Software Engineer - Early Career
Job description
About the role
Abridge is seeking an early-career Software Engineer to join a mission-driven team building AI systems for healthcare. You will own the implementation of agentic LLM workflows that power real-time clinical documentation and decision support. This role centers on translating cutting-edge language model research into reliable, production-grade features used directly by clinicians at the point of care. You will be responsible for end-to-end feature delivery, collaborating closely with researchers, clinicians, and product teams to ensure solutions meet strict safety and usability standards. The position requires comfort with ambiguity and a bias for action as you help define processes for agentic coding and verification in a regulated environment. You will have a direct line of sight from your code to patient outcomes and clinical workflows. This is a hands-on role where your contributions will be visible, impactful, and foundational to the future of the platform.
Key facts
What you'll do
- Build and iterate on agentic LLM systems, including retrieval pipelines, structured tool use, and chained LLM workflows, working alongside a multidisciplinary engineering team.

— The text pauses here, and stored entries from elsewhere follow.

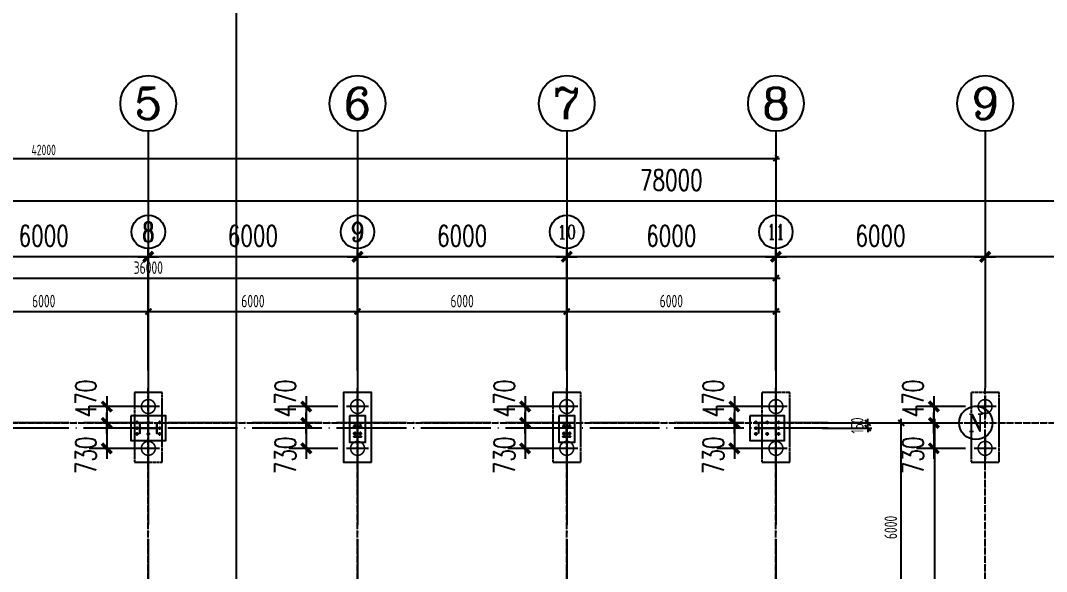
# Model space of a CAD drawing. Extents: x -1389621 to 57380, y -92505 to 283644.
# Drawn here: x -1360196 to -1330771, y 57200 to 73013 of the extents above; entities that cross this region are included whole.
import ezdxf
from ezdxf.enums import TextEntityAlignment as Align

# ---------------------------------------------------------------- set-up
doc = ezdxf.new("R2010")
doc.units = 0
doc.header["$LTSCALE"] = 100
doc.header["$MEASUREMENT"] = 0
for name, pattern in [('CENTERX2', [101.6, 63.5, -12.7, 12.7, -12.7]), ('DASH', [0.35, 0.25, -0.1]), ('DOTE', [2.42, 2, -0.2, 0.02, -0.2])]:
    doc.linetypes.add(name, pattern=pattern)
doc.layers.get('0').update_dxf_attribs({"linetype": 'CONTINUOUS'})
doc.layers.get('Defpoints').update_dxf_attribs({"linetype": 'CONTINUOUS'})
for name, color, linetype in [('11000', 4, 'CONTINUOUS'), ('AXIS', 3, 'CONTINUOUS'), ('AXIS_TEXT', 7, 'CONTINUOUS'), ('DIM', 3, 'CONTINUOUS'), ('DOTE', 1, 'DOTE'), ('PUB_DIM', 3, 'CONTINUOUS'), ('单桩', 6, 'CONTINUOUS'), ('承台', 2, 'CONTINUOUS'), ('柱子', 3, 'CONTINUOUS'), ('短柱', 2, 'CONTINUOUS')]:
    doc.layers.add(name, color=color, linetype=linetype)
doc.layers.add('轴线', color=1, linetype='CENTERX2', lineweight=13)
doc.styles.add('_TCH_AXIS', font='COMPLEX', dxfattribs={"bigfont": 'GBCBIG'})
doc.styles.add('COMPLEX', font='COMPLEX')
doc.styles.add('DIM_FONT', font='SIMPLEX', dxfattribs={"width": 0.7, "bigfont": 'GBCBIG'})
doc.styles.add('TSSD_Dimension', font='tssdeng.shx', dxfattribs={"width": 0.7, "bigfont": 'hztxt.shx'})
doc.dimstyles.new('AXIS200', dxfattribs={"dimscale": 2, "dimtxt": 300, "dimasz": 1, "dimexe": 250, "dimexo": 300, "dimgap": 150, "dimtad": 1, "dimdec": 0, "dimzin": 0, "dimdsep": 46, "dimtxsty": 'DIM_FONT', "dimblk": '_DIMX', "dimcen": 0.09, "dimse1": 1, "dimse2": 1, "dimclrt": 7, "dimadec": 0, "dimazin": 0, "dimtfac": 1, "dimtdec": 0, "dimtix": 1, "dimtmove": 2, "dimatfit": 3, "dimldrblk": '_DIMX', "dimfxl": 0, "dimtolj": 1, "dimtzin": 0, "dimarcsym": 0})
doc.dimstyles.new('DIMA200', dxfattribs={"dimscale": 2, "dimtxt": 300, "dimasz": 1, "dimexe": 250, "dimexo": 300, "dimgap": 150, "dimtad": 1, "dimdec": 0, "dimzin": 0, "dimdsep": 46, "dimtxsty": 'DIM_FONT', "dimblk": '_DIMX', "dimcen": 0.09, "dimse1": 1, "dimclrt": 7, "dimadec": 0, "dimazin": 0, "dimtfac": 1, "dimtdec": 0, "dimtix": 1, "dimtmove": 2, "dimatfit": 3, "dimldrblk": '_DIMX', "dimfxl": 0, "dimtolj": 1, "dimtzin": 0, "dimarcsym": 0})
doc.dimstyles.new('DIMB200', dxfattribs={"dimscale": 2, "dimtxt": 300, "dimasz": 1, "dimexe": 250, "dimexo": 300, "dimgap": 150, "dimtad": 1, "dimdec": 0, "dimzin": 0, "dimdsep": 46, "dimtxsty": 'DIM_FONT', "dimblk": '_DIMX', "dimcen": 0.09, "dimse2": 1, "dimclrt": 7, "dimadec": 0, "dimazin": 0, "dimtfac": 1, "dimtdec": 0, "dimtix": 1, "dimtmove": 2, "dimatfit": 3, "dimldrblk": '_DIMX', "dimfxl": 0, "dimtolj": 1, "dimtzin": 0, "dimarcsym": 0})
doc.dimstyles.new('TSSD_100_100', dxfattribs={"dimtxt": 300, "dimasz": 100, "dimexe": 100, "dimexo": 250, "dimgap": 100, "dimtad": 1, "dimdec": 0, "dimzin": 0, "dimdsep": 46, "dimtxsty": 'TSSD_Dimension', "dimblk": 'ARCHTICK', "dimblk1": 'ARCHTICK', "dimblk2": 'ARCHTICK', "dimcen": 0, "dimdle": 100, "dimclrt": 7, "dimadec": 0, "dimazin": 0, "dimtfac": 1, "dimtdec": 0, "dimtix": 1, "dimtmove": 2, "dimatfit": 3, "dimfxl": 0, "dimtolj": 1, "dimtzin": 0, "dimarcsym": 0})

# ---------------------------------------------------------------- blocks, each defined once
blk = doc.blocks.new('_ArchTick')
at = {"color": 0, "linetype": 'ByBlock'}
blk.add_lwpolyline([(-0.71, -0.71, 0.5, 0.5, 0), (0.71, 0.71, 0.5, 0.5, 0)], format="xyseb", dxfattribs=at)
blk = doc.blocks.new('*D969')
at = {"layer": 'Defpoints', "color": 0, "ltscale": 100}
for p in [(-407942, 149067), (-405849, 149067), (-407942, 143067)]:
    blk.add_point(p, dxfattribs=at)
at = {"layer": 'DIM', "color": 0, "lineweight": -2, "ltscale": 100}
for p, q in [((-405849, 142947), (-405849, 149187)), ((-407642, 149067), (-405729, 149067)), ((-407642, 143067), (-405729, 143067))]:
    blk.add_line(p, q, dxfattribs=at)
at = {"layer": 'DIM', "color": 0, "lineweight": -2, "ltscale": 100, "xscale": 120, "yscale": 120, "zscale": 120}
for p, rotation in [((-405849, 149067), 90), ((-405849, 143067), 270)]:
    blk.add_blockref('_ArchTick', p, dxfattribs=dict(at, rotation=rotation))
at = {"layer": 'DIM', "color": 7, "ltscale": 100, "insert": (-406149, 146067), "char_height": 360, "attachment_point": 5, "rotation": 90, "style": 'TSSD_Dimension'}
blk.add_mtext('\\A1;6000', dxfattribs=at)
blk = doc.blocks.new('*D970')
at = {"layer": 'Defpoints', "color": 0, "ltscale": 100}
for p in [(-408182, 149067), (-404889, 149067), (-408182, 77067)]:
    blk.add_point(p, dxfattribs=at)
at = {"layer": 'DIM', "color": 0, "lineweight": -2, "ltscale": 100}
for p, q in [((-404889, 76947), (-404889, 149187)), ((-407882, 149067), (-404769, 149067)), ((-407882, 77067), (-404769, 77067))]:
    blk.add_line(p, q, dxfattribs=at)
at = {"layer": 'DIM', "color": 0, "lineweight": -2, "ltscale": 100, "xscale": 120, "yscale": 120, "zscale": 120}
for p, rotation in [((-404889, 149067), 90), ((-404889, 77067), 270)]:
    blk.add_blockref('_ArchTick', p, dxfattribs=dict(at, rotation=rotation))
at = {"layer": 'DIM', "color": 7, "ltscale": 100, "insert": (-405189, 113067), "char_height": 360, "attachment_point": 5, "rotation": 90, "style": 'TSSD_Dimension'}
blk.add_mtext('\\A1;72000', dxfattribs=at)
blk = doc.blocks.new('*D981')
at = {"layer": 'Defpoints', "color": 0, "ltscale": 100}
for p in [(-427442, 152263), (-433442, 150567), (-427442, 150567)]:
    blk.add_point(p, dxfattribs=at)
at = {"layer": 'DIM', "color": 0, "lineweight": -2, "ltscale": 100}
for p, q in [((-433562, 152263), (-427322, 152263)), ((-433442, 150867), (-433442, 152383)), ((-427442, 150867), (-427442, 152383))]:
    blk.add_line(p, q, dxfattribs=at)
at = {"layer": 'DIM', "color": 0, "lineweight": -2, "ltscale": 100, "xscale": 120, "yscale": 120, "zscale": 120, "rotation": 180}
blk.add_blockref('_ArchTick', (-433442, 152263), dxfattribs=at)
at = {"layer": 'DIM', "color": 0, "lineweight": -2, "ltscale": 100, "xscale": 120, "yscale": 120, "zscale": 120}
blk.add_blockref('_ArchTick', (-427442, 152263), dxfattribs=at)
at = {"layer": 'DIM', "color": 7, "ltscale": 100, "insert": (-430442, 152563), "char_height": 360, "attachment_point": 5, "style": 'TSSD_Dimension'}
blk.add_mtext('\\A1;6000', dxfattribs=at)
blk = doc.blocks.new('*D982')
at = {"layer": 'Defpoints', "color": 0, "ltscale": 100}
for p in [(-421442, 152263), (-427442, 150567), (-421442, 150567)]:
    blk.add_point(p, dxfattribs=at)
at = {"layer": 'DIM', "color": 0, "lineweight": -2, "ltscale": 100}
for p, q in [((-427562, 152263), (-421322, 152263)), ((-427442, 150867), (-427442, 152383)), ((-421442, 150867), (-421442, 152383))]:
    blk.add_line(p, q, dxfattribs=at)
at = {"layer": 'DIM', "color": 0, "lineweight": -2, "ltscale": 100, "xscale": 120, "yscale": 120, "zscale": 120, "rotation": 180}
blk.add_blockref('_ArchTick', (-427442, 152263), dxfattribs=at)
at = {"layer": 'DIM', "color": 0, "lineweight": -2, "ltscale": 100, "xscale": 120, "yscale": 120, "zscale": 120}
blk.add_blockref('_ArchTick', (-421442, 152263), dxfattribs=at)
at = {"layer": 'DIM', "color": 7, "ltscale": 100, "insert": (-424442, 152563), "char_height": 360, "attachment_point": 5, "style": 'TSSD_Dimension'}
blk.add_mtext('\\A1;6000', dxfattribs=at)
blk = doc.blocks.new('*D983')
at = {"layer": 'Defpoints', "color": 0, "ltscale": 100}
for p in [(-415442, 152263), (-421442, 150567), (-415442, 150567)]:
    blk.add_point(p, dxfattribs=at)
at = {"layer": 'DIM', "color": 0, "lineweight": -2, "ltscale": 100}
for p, q in [((-421562, 152263), (-415322, 152263)), ((-421442, 150867), (-421442, 152383)), ((-415442, 150867), (-415442, 152383))]:
    blk.add_line(p, q, dxfattribs=at)
at = {"layer": 'DIM', "color": 0, "lineweight": -2, "ltscale": 100, "xscale": 120, "yscale": 120, "zscale": 120, "rotation": 180}
blk.add_blockref('_ArchTick', (-421442, 152263), dxfattribs=at)
at = {"layer": 'DIM', "color": 0, "lineweight": -2, "ltscale": 100, "xscale": 120, "yscale": 120, "zscale": 120}
blk.add_blockref('_ArchTick', (-415442, 152263), dxfattribs=at)
at = {"layer": 'DIM', "color": 7, "ltscale": 100, "insert": (-418442, 152563), "char_height": 360, "attachment_point": 5, "style": 'TSSD_Dimension'}
blk.add_mtext('\\A1;6000', dxfattribs=at)
blk = doc.blocks.new('*D984')
at = {"layer": 'Defpoints', "color": 0, "ltscale": 100}
for p in [(-409442, 152263), (-415442, 150567), (-409442, 150567)]:
    blk.add_point(p, dxfattribs=at)
at = {"layer": 'DIM', "color": 0, "lineweight": -2, "ltscale": 100}
for p, q in [((-415562, 152263), (-409322, 152263)), ((-415442, 150867), (-415442, 152383)), ((-409442, 150867), (-409442, 152383))]:
    blk.add_line(p, q, dxfattribs=at)
at = {"layer": 'DIM', "color": 0, "lineweight": -2, "ltscale": 100, "xscale": 120, "yscale": 120, "zscale": 120, "rotation": 180}
blk.add_blockref('_ArchTick', (-415442, 152263), dxfattribs=at)
at = {"layer": 'DIM', "color": 0, "lineweight": -2, "ltscale": 100, "xscale": 120, "yscale": 120, "zscale": 120}
blk.add_blockref('_ArchTick', (-409442, 152263), dxfattribs=at)
at = {"layer": 'DIM', "color": 7, "ltscale": 100, "insert": (-412442, 152563), "char_height": 360, "attachment_point": 5, "style": 'TSSD_Dimension'}
blk.add_mtext('\\A1;6000', dxfattribs=at)
blk = doc.blocks.new('*D985')
at = {"layer": 'Defpoints', "color": 0, "ltscale": 100}
for p in [(-409442, 153223), (-445442, 150327), (-409442, 150327)]:
    blk.add_point(p, dxfattribs=at)
at = {"layer": 'DIM', "color": 0, "lineweight": -2, "ltscale": 100}
for p, q in [((-445442, 150627), (-445442, 153343)), ((-409442, 150627), (-409442, 153343)), ((-445562, 153223), (-409322, 153223))]:
    blk.add_line(p, q, dxfattribs=at)
at = {"layer": 'DIM', "color": 0, "lineweight": -2, "ltscale": 100, "xscale": 120, "yscale": 120, "zscale": 120, "rotation": 180}
blk.add_blockref('_ArchTick', (-445442, 153223), dxfattribs=at)
at = {"layer": 'DIM', "color": 0, "lineweight": -2, "ltscale": 100, "xscale": 120, "yscale": 120, "zscale": 120}
blk.add_blockref('_ArchTick', (-409442, 153223), dxfattribs=at)
at = {"layer": 'DIM', "color": 7, "ltscale": 100, "insert": (-427442, 153523), "char_height": 360, "attachment_point": 5, "style": 'TSSD_Dimension'}
blk.add_mtext('\\A1;36000', dxfattribs=at)
blk = doc.blocks.new('_AXISO')
blk.add_circle((0, 0), 0.5)
at = {"layer": 'AXIS_TEXT', "style": 'COMPLEX', "width": 1.041667}
blk.add_attdef('A', text='', height=0.56, dxfattribs=at).set_placement((-0.25, -0.28), (0.25, -0.28), align=Align.FIT)
blk = doc.blocks.new('*D986')
at = {"layer": 'Defpoints', "color": 0, "ltscale": 100}
for p in [(-408402, 149067), (-408402, 148917), (-406809, 149067)]:
    blk.add_point(p, dxfattribs=at)
at = {"layer": 'DIM', "color": 0, "lineweight": -2, "ltscale": 100}
for p, q in [((-406809, 149067), (-406809, 149187)), ((-408102, 149067), (-406689, 149067)), ((-408102, 148917), (-406689, 148917)), ((-406809, 148917), (-406809, 149067)), ((-406809, 148917), (-406809, 148797))]:
    blk.add_line(p, q, dxfattribs=at)
at = {"layer": 'DIM', "color": 0, "lineweight": -2, "ltscale": 100, "xscale": 120, "yscale": 120, "zscale": 120}
for p, rotation in [((-406809, 149067), 270), ((-406809, 148917), 90)]:
    blk.add_blockref('_ArchTick', p, dxfattribs=dict(at, rotation=rotation))
at = {"layer": 'DIM', "color": 7, "ltscale": 100, "insert": (-407109, 148992), "char_height": 360, "attachment_point": 5, "rotation": 90, "style": 'TSSD_Dimension'}
blk.add_mtext('\\A1;150', dxfattribs=at)
blk = doc.blocks.new('_DIMX')
blk.add_line((-150, 0), (150, 0))
at = {"const_width": 50}
blk.add_lwpolyline([(-70, -70), (70, 70)], dxfattribs=at)
blk = doc.blocks.new('*D1212')
at = {"layer": 'AXIS', "color": 0, "lineweight": -2}
blk.add_line((-1356533, 66232), (-1362529, 66232), dxfattribs=at)
at = {"layer": 'Defpoints', "color": 0}
for p in [(-1362531, 66232), (-1362531, 62464), (-1356531, 62464)]:
    blk.add_point(p, dxfattribs=at)
at = {"layer": 'AXIS', "color": 0, "lineweight": -2, "xscale": 2, "yscale": 2, "zscale": 2, "rotation": 180}
blk.add_blockref('_DIMX', (-1362531, 66232), dxfattribs=at)
at = {"layer": 'AXIS', "color": 0, "lineweight": -2, "xscale": 2, "yscale": 2, "zscale": 2}
blk.add_blockref('_DIMX', (-1356531, 66232), dxfattribs=at)
at = {"layer": 'AXIS', "color": 7, "insert": (-1359531, 66832), "char_height": 600, "attachment_point": 5, "style": 'DIM_FONT'}
blk.add_mtext('\\A1;6000', dxfattribs=at)
blk = doc.blocks.new('*D1215')
at = {"layer": 'AXIS', "color": 0, "lineweight": -2}
blk.add_line((-1302533, 67832), (-1380529, 67832), dxfattribs=at)
at = {"layer": 'Defpoints', "color": 0}
for p in [(-1380531, 67832), (-1380531, 62464), (-1302531, 62464)]:
    blk.add_point(p, dxfattribs=at)
at = {"layer": 'AXIS', "color": 0, "lineweight": -2, "xscale": 2, "yscale": 2, "zscale": 2}
for p, rotation in [((-1380531, 67832), 179.9999999999997), ((-1302531, 67832), 359.9999999999997)]:
    blk.add_blockref('_DIMX', p, dxfattribs=dict(at, rotation=rotation))
at = {"layer": 'AXIS', "color": 7, "insert": (-1341531, 68432), "char_height": 600, "attachment_point": 5, "style": 'DIM_FONT'}
blk.add_mtext('\\A1;78000', dxfattribs=at)
blk = doc.blocks.new('*D1182')
at = {"layer": 'AXIS', "color": 0, "lineweight": -2}
blk.add_line((-1326533, 66232), (-1332529, 66232), dxfattribs=at)
at = {"layer": 'Defpoints', "color": 0}
for p in [(-1332531, 66232), (-1332531, 62464), (-1326531, 62464)]:
    blk.add_point(p, dxfattribs=at)
at = {"layer": 'AXIS', "color": 0, "lineweight": -2, "xscale": 2, "yscale": 2, "zscale": 2, "rotation": 180}
blk.add_blockref('_DIMX', (-1332531, 66232), dxfattribs=at)
at = {"layer": 'AXIS', "color": 0, "lineweight": -2, "xscale": 2, "yscale": 2, "zscale": 2}
blk.add_blockref('_DIMX', (-1326531, 66232), dxfattribs=at)
at = {"layer": 'AXIS', "color": 7, "insert": (-1329531, 66832), "char_height": 600, "attachment_point": 5, "style": 'DIM_FONT'}
blk.add_mtext('\\A1;6000', dxfattribs=at)
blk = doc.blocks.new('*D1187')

- Contribute to evaluation frameworks that measure accuracy, robustness, and clinical reliability, helping maintain automated pipelines and human-in-the-loop review processes.
- Own pieces of both backend and frontend systems across Abridge, ensuring end-to-end functionality and performance in production environments.
- Think with an agent-first approach, continuously learning and relearning agentic coding patterns as tools and best practices evolve.
- Apply sharp judgment to determine where the human in the loop is critical, balancing automation with safety and oversight.
- Help prototype with new models, prompting techniques, and open-source orchestration tools such as LangChain and LlamaIndex to validate approaches quickly.
- Contribute to monitoring and observability systems that keep LLM workflows healthy in production, detecting issues before they affect clinicians.
- Collaborate across ML, infrastructure, product, and clinical teams, developing a deep understanding of the users and clinicians we serve.
- Learn from senior engineers on a daily basis, bringing curiosity and fresh perspective to solve complex technical problems under real-world constraints.
- Write and review code that powers core features, ensuring reliability, maintainability, and alignment with healthcare compliance expectations.
- Participate in design discussions, offering input on system architecture and user experience for features that impact clinical workflows.
- Ship production-grade features on a regular cadence, taking ownership of testing, rollout, and iterative improvement alongside cross-functional partners.
- Experiment with new tooling and methodologies to improve development velocity without compromising safety or correctness.
- Document technical decisions and system behavior to support long-term maintainability and knowledge sharing.
Requirements
- Hold a degree in Computer Science or a related field, or possess equivalent experience through projects, bootcamps, or open source contributions, with a focus on what you can build.
- Have hands-on GenAI experience through coursework, personal projects, internships, or hackathons, demonstrating practical exposure to LLM APIs, RAG pipelines, or agentic systems.
- Show familiarity with LLM orchestration concepts such as prompt chaining, tool use, and retrieval, even if you have not yet used them in a production setting.
- Use AI tooling as part of your daily workflow to write, debug, and learn, while knowing when to trust automated suggestions and when to verify outputs rigorously.
- Demonstrate curiosity about model evaluation, failure modes, and the practical steps required to make an LLM system reliable in clinical contexts.
- Work effectively in a collaborative, low-ego environment where fast execution and team support are essential.
- Thrive in a fast-paced startup environment where priorities can shift and ownership is expected at every level.
- Commit to working onsite five days per week in either the San Francisco or New York office, as stated in the role details.
Practical notes
- This role requires onsite work 5 days a week in either the San Francisco or New York office.
- Candidates must be eligible to work in the country where the position is based without requiring sponsorship at this time.
- No visa sponsorship is available for this role.
- The listed location is the San Francisco office, and candidates should be prepared to work from that site.
- No specific deadlines for application submission are communicated in the source material.